# Bring laptop, cellphone, MP3 ect. to IAP?



## beyondsblue (20 Jun 2007)

Hi,
During my enrollment ceremony, I asked my recruiter whether or not I am allowed to bring these electronics to my IAP. He said yes. However. I remember reading somewhere from the joining instruction that no electronics are permitted. 
Also, I'm planning on bringing vitamins and other nutrition supplements to IAP with me. Will they be confiscated because they are not prescription drugs? Again, my recruiter said you can bring everything you would bring as if you were going on a vocation. 
To me, that seems to be a bit too lenient for boot camp.    
It will be great if someone can clear up these two questions for me.


----------



## Munxcub (20 Jun 2007)

If I were you, I would listen to the joining instructions and only bring what is absolutely necessary.


----------



## Mjohns (20 Jun 2007)

MP3 players, Laptops etc are "permissible" but you need to understand that you can't really store them in your room.  They must be hidden from sight during all inspections and really during the day as well.  When I completed mine lots of ppl had MP3 players and the odd game boy and some laptops, just be prepared  for the fact that you can't access it all the time.  Certainly for the first weekends you are CBed a laptop with some movies etc is always fun.

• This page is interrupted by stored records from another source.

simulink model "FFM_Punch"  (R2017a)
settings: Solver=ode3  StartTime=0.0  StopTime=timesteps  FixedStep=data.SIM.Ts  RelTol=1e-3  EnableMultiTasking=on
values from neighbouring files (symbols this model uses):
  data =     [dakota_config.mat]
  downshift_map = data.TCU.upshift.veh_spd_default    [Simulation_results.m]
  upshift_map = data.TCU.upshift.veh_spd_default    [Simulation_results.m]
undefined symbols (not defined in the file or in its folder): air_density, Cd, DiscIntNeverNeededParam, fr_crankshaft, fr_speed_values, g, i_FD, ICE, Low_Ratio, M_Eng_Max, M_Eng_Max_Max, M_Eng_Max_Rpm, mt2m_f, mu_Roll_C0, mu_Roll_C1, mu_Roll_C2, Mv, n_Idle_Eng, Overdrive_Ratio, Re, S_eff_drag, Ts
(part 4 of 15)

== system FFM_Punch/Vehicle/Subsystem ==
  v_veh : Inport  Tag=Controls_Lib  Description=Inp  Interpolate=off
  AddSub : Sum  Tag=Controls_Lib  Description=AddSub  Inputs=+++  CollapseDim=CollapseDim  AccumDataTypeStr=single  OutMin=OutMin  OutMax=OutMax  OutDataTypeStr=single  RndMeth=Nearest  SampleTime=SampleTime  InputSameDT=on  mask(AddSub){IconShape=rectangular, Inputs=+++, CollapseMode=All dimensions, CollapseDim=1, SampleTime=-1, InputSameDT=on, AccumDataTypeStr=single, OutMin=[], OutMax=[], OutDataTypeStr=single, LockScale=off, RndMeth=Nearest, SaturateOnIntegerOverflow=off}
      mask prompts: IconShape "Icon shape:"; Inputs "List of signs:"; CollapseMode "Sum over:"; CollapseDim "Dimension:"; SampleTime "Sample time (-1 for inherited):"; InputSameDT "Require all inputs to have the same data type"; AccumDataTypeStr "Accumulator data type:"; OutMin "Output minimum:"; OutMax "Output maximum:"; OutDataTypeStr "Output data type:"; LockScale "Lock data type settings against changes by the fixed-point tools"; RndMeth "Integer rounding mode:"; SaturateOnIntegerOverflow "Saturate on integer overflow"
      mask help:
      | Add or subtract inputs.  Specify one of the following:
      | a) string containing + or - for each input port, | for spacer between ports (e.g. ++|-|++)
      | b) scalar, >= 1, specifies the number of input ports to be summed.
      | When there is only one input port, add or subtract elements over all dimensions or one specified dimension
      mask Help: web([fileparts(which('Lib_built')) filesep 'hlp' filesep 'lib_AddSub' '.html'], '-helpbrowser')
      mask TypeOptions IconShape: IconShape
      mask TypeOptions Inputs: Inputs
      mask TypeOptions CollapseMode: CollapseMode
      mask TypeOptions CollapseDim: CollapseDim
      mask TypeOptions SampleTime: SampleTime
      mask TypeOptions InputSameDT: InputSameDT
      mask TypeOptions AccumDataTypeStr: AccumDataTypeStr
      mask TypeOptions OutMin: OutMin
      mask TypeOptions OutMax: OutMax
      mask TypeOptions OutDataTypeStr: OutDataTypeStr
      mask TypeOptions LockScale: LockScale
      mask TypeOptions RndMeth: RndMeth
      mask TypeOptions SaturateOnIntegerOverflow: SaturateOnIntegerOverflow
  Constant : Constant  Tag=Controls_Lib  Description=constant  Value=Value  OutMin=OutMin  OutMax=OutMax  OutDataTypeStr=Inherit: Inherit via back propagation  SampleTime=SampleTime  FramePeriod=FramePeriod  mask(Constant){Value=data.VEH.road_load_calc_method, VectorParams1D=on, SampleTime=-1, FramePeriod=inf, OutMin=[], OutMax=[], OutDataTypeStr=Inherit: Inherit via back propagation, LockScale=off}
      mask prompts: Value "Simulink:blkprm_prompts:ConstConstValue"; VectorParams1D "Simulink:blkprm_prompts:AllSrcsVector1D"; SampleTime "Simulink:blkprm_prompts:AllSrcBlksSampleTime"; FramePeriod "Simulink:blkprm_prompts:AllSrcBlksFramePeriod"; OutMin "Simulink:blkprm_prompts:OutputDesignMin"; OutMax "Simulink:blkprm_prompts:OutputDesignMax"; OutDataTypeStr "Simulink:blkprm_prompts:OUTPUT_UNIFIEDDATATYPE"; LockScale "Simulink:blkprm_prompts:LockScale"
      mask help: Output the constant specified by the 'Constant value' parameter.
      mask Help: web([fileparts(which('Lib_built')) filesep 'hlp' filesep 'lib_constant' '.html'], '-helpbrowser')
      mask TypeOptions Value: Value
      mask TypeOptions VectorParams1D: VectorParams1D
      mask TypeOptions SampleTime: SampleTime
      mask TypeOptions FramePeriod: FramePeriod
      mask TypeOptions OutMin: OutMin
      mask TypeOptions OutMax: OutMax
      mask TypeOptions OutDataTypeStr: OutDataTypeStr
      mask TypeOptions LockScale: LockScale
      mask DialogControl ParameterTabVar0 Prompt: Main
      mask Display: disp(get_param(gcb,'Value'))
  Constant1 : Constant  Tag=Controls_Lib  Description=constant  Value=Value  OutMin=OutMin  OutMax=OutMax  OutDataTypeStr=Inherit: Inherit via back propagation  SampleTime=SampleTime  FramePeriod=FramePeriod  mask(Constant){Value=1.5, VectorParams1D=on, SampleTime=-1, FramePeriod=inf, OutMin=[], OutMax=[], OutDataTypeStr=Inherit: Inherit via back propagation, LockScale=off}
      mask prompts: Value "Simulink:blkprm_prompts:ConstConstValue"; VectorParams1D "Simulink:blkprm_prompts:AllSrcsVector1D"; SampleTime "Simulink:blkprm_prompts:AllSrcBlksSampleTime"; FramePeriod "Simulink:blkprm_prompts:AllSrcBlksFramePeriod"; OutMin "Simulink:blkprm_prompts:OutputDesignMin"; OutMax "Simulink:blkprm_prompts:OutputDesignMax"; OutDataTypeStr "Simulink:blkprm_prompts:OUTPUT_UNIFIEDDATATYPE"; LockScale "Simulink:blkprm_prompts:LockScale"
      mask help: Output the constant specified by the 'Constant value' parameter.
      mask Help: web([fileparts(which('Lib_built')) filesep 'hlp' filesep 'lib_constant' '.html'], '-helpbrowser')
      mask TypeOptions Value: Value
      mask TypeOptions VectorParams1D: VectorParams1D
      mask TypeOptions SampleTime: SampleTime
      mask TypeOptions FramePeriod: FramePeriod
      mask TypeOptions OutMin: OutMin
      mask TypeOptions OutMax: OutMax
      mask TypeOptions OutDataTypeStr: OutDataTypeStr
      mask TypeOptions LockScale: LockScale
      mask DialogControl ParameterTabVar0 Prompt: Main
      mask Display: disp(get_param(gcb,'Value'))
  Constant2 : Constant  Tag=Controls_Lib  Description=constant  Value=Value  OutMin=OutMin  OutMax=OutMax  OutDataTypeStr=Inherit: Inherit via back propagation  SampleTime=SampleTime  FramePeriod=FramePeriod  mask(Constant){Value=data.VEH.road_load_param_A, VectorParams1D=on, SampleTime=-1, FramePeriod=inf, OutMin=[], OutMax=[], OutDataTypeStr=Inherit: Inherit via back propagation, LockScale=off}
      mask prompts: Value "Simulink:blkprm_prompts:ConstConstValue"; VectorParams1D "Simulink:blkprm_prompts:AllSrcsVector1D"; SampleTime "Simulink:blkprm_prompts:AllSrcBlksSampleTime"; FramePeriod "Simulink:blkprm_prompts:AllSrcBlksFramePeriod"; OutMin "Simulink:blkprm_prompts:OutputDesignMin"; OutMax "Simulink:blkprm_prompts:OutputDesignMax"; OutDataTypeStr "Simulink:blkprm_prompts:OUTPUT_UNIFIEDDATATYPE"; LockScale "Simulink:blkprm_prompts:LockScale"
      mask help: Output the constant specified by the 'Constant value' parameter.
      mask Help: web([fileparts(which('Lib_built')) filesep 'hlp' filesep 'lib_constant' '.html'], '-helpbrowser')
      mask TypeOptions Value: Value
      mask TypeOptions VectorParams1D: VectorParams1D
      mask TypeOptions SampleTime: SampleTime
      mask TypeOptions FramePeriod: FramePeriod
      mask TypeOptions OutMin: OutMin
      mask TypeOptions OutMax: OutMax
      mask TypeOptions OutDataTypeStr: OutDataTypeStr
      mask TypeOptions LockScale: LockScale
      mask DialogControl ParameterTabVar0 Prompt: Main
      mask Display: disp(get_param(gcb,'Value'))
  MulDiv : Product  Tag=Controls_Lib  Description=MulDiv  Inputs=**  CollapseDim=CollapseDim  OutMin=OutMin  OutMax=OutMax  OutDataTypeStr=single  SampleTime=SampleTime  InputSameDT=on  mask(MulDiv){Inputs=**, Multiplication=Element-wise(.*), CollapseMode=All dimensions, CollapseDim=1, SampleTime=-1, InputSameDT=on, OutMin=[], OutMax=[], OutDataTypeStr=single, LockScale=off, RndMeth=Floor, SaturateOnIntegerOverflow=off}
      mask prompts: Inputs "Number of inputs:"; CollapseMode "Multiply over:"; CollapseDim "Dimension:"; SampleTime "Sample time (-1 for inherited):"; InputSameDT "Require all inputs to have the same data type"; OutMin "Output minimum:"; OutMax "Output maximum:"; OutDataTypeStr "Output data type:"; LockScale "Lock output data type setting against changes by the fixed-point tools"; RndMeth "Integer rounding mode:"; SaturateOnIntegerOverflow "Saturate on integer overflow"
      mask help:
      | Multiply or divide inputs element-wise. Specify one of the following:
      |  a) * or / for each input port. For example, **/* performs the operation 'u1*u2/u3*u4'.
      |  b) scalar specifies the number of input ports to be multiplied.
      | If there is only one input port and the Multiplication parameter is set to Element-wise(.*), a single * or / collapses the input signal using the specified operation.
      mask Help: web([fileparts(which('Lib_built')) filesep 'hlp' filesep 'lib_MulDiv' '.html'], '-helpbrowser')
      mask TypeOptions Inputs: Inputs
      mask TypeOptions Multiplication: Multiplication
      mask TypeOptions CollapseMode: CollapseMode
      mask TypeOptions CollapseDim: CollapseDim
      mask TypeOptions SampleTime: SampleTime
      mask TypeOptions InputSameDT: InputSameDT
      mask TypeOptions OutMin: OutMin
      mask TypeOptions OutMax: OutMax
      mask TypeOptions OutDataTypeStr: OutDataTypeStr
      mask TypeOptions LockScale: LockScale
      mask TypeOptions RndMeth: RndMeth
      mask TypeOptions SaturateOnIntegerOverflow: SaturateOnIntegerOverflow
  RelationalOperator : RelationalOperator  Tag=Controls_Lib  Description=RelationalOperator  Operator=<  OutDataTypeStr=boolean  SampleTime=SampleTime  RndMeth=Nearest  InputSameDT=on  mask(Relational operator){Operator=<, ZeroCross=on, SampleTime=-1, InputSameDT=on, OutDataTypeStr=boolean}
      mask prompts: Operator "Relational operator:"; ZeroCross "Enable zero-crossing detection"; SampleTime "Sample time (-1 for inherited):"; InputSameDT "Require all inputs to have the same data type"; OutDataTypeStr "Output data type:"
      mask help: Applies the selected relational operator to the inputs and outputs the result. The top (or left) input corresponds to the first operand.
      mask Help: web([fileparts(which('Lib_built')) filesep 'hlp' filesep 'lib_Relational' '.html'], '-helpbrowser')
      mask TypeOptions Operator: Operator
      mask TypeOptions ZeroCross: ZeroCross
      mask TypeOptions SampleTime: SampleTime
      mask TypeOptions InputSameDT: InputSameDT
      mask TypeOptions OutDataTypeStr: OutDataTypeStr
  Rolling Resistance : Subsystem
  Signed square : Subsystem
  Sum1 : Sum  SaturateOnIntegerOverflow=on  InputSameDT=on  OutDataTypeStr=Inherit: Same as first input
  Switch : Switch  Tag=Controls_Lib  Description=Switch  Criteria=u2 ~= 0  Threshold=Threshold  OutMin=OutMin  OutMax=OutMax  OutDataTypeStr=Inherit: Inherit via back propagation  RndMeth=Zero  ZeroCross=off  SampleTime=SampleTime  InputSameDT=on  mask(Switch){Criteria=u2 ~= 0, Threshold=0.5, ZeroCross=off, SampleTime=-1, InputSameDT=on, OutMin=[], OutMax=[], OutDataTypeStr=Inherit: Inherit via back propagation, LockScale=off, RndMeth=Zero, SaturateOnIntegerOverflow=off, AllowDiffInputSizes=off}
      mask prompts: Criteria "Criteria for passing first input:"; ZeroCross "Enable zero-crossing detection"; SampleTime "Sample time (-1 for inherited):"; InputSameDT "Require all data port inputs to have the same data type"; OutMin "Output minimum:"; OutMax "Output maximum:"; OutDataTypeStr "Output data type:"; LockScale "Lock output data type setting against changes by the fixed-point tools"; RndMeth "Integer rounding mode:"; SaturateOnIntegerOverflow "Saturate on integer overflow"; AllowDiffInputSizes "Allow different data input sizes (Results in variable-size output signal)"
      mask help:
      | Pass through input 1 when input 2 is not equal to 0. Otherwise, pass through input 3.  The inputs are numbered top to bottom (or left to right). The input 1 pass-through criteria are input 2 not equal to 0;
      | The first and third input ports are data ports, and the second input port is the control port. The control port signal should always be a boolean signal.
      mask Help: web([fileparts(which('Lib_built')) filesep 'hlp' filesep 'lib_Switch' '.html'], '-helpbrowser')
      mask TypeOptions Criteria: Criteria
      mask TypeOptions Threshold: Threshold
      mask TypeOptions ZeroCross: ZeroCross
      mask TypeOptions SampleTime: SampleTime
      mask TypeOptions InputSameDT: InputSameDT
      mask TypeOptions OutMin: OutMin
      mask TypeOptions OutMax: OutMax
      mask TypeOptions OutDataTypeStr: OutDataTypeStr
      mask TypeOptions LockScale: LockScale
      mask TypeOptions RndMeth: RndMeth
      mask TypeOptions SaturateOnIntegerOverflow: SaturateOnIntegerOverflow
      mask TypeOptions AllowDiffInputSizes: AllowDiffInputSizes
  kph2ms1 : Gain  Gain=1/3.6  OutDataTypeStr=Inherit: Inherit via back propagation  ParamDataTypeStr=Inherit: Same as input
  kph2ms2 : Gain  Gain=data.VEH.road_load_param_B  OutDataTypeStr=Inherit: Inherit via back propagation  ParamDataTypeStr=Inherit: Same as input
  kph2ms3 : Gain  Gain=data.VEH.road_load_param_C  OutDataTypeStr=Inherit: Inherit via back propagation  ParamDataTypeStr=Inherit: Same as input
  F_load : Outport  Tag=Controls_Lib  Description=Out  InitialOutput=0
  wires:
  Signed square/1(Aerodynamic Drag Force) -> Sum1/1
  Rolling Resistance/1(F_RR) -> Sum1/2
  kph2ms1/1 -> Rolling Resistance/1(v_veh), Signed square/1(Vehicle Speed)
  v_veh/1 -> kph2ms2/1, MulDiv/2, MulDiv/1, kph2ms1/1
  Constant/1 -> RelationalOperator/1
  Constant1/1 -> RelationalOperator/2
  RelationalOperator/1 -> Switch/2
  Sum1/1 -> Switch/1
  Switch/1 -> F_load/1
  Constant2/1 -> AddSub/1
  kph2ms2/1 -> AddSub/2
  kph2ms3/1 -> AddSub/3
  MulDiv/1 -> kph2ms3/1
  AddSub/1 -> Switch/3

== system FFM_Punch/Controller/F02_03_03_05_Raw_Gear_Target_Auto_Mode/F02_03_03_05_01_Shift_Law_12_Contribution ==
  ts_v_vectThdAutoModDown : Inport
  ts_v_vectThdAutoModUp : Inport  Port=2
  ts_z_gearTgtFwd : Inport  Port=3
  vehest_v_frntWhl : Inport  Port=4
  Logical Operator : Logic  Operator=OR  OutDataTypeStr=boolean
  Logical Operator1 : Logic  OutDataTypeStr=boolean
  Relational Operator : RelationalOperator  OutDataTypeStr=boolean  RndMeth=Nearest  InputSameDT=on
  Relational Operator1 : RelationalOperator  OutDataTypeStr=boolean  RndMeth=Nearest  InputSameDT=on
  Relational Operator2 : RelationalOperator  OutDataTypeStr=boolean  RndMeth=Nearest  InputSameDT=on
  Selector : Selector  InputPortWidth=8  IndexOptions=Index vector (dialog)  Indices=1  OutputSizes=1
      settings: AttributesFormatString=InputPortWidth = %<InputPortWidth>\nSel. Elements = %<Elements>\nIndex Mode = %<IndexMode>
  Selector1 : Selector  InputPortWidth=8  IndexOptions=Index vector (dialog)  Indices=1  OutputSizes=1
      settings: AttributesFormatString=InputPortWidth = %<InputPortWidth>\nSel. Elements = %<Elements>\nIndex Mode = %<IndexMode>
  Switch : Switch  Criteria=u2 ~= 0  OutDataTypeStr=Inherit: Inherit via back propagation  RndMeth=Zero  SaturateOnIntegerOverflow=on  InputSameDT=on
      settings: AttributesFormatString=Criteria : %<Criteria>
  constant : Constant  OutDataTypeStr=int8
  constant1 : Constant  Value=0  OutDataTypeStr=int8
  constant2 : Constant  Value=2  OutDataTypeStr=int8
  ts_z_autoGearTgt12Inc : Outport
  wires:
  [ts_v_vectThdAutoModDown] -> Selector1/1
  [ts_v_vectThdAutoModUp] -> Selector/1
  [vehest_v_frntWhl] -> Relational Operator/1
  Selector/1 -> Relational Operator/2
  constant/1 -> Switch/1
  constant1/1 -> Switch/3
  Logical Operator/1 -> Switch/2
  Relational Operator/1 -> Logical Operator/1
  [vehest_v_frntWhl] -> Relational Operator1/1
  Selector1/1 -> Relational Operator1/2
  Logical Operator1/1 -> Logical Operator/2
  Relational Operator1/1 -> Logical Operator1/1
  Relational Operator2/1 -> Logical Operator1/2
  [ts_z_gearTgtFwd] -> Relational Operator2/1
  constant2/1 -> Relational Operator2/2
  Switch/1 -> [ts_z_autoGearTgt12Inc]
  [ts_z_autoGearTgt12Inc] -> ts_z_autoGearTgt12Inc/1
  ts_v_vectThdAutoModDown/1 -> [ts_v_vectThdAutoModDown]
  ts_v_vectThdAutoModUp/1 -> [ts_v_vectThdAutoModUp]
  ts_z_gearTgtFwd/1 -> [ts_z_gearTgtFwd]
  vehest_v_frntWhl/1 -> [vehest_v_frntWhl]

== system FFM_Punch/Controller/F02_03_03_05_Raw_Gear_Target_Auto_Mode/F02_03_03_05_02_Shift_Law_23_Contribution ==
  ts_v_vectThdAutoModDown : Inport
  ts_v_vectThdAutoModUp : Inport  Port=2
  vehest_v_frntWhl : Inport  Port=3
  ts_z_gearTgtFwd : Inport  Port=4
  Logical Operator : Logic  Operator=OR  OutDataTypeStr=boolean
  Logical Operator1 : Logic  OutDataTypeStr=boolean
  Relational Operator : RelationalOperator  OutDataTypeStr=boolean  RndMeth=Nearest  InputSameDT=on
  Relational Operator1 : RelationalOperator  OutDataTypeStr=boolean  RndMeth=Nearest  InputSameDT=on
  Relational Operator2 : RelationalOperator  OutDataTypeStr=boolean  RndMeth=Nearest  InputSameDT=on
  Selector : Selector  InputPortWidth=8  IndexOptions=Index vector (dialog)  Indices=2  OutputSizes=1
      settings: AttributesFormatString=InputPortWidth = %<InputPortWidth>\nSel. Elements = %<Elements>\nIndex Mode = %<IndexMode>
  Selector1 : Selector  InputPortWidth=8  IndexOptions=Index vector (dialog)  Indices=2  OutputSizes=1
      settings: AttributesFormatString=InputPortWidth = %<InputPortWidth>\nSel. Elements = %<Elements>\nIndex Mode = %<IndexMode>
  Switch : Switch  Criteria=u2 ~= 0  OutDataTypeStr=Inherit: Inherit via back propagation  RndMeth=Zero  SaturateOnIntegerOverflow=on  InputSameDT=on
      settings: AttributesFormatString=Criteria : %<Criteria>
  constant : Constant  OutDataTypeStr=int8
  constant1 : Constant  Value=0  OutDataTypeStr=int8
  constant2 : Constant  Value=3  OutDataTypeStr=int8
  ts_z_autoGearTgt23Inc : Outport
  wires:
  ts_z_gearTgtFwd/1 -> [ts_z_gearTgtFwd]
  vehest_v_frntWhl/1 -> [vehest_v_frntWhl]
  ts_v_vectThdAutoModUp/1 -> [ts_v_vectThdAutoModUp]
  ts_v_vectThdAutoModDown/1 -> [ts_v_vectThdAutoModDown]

Vitamins and such... vitamins you could probably get away with (again they need to be out of sight b/c they won't be accounted for in inspection layouts).  Any kind of supplements etc... I wouldn't bring.  For one thing I know some course staff frown on it b/c it has caused issues for pers in the past.  Plus they kind of fall into a "grey" area.


----------



## Pte AJB (20 Jun 2007)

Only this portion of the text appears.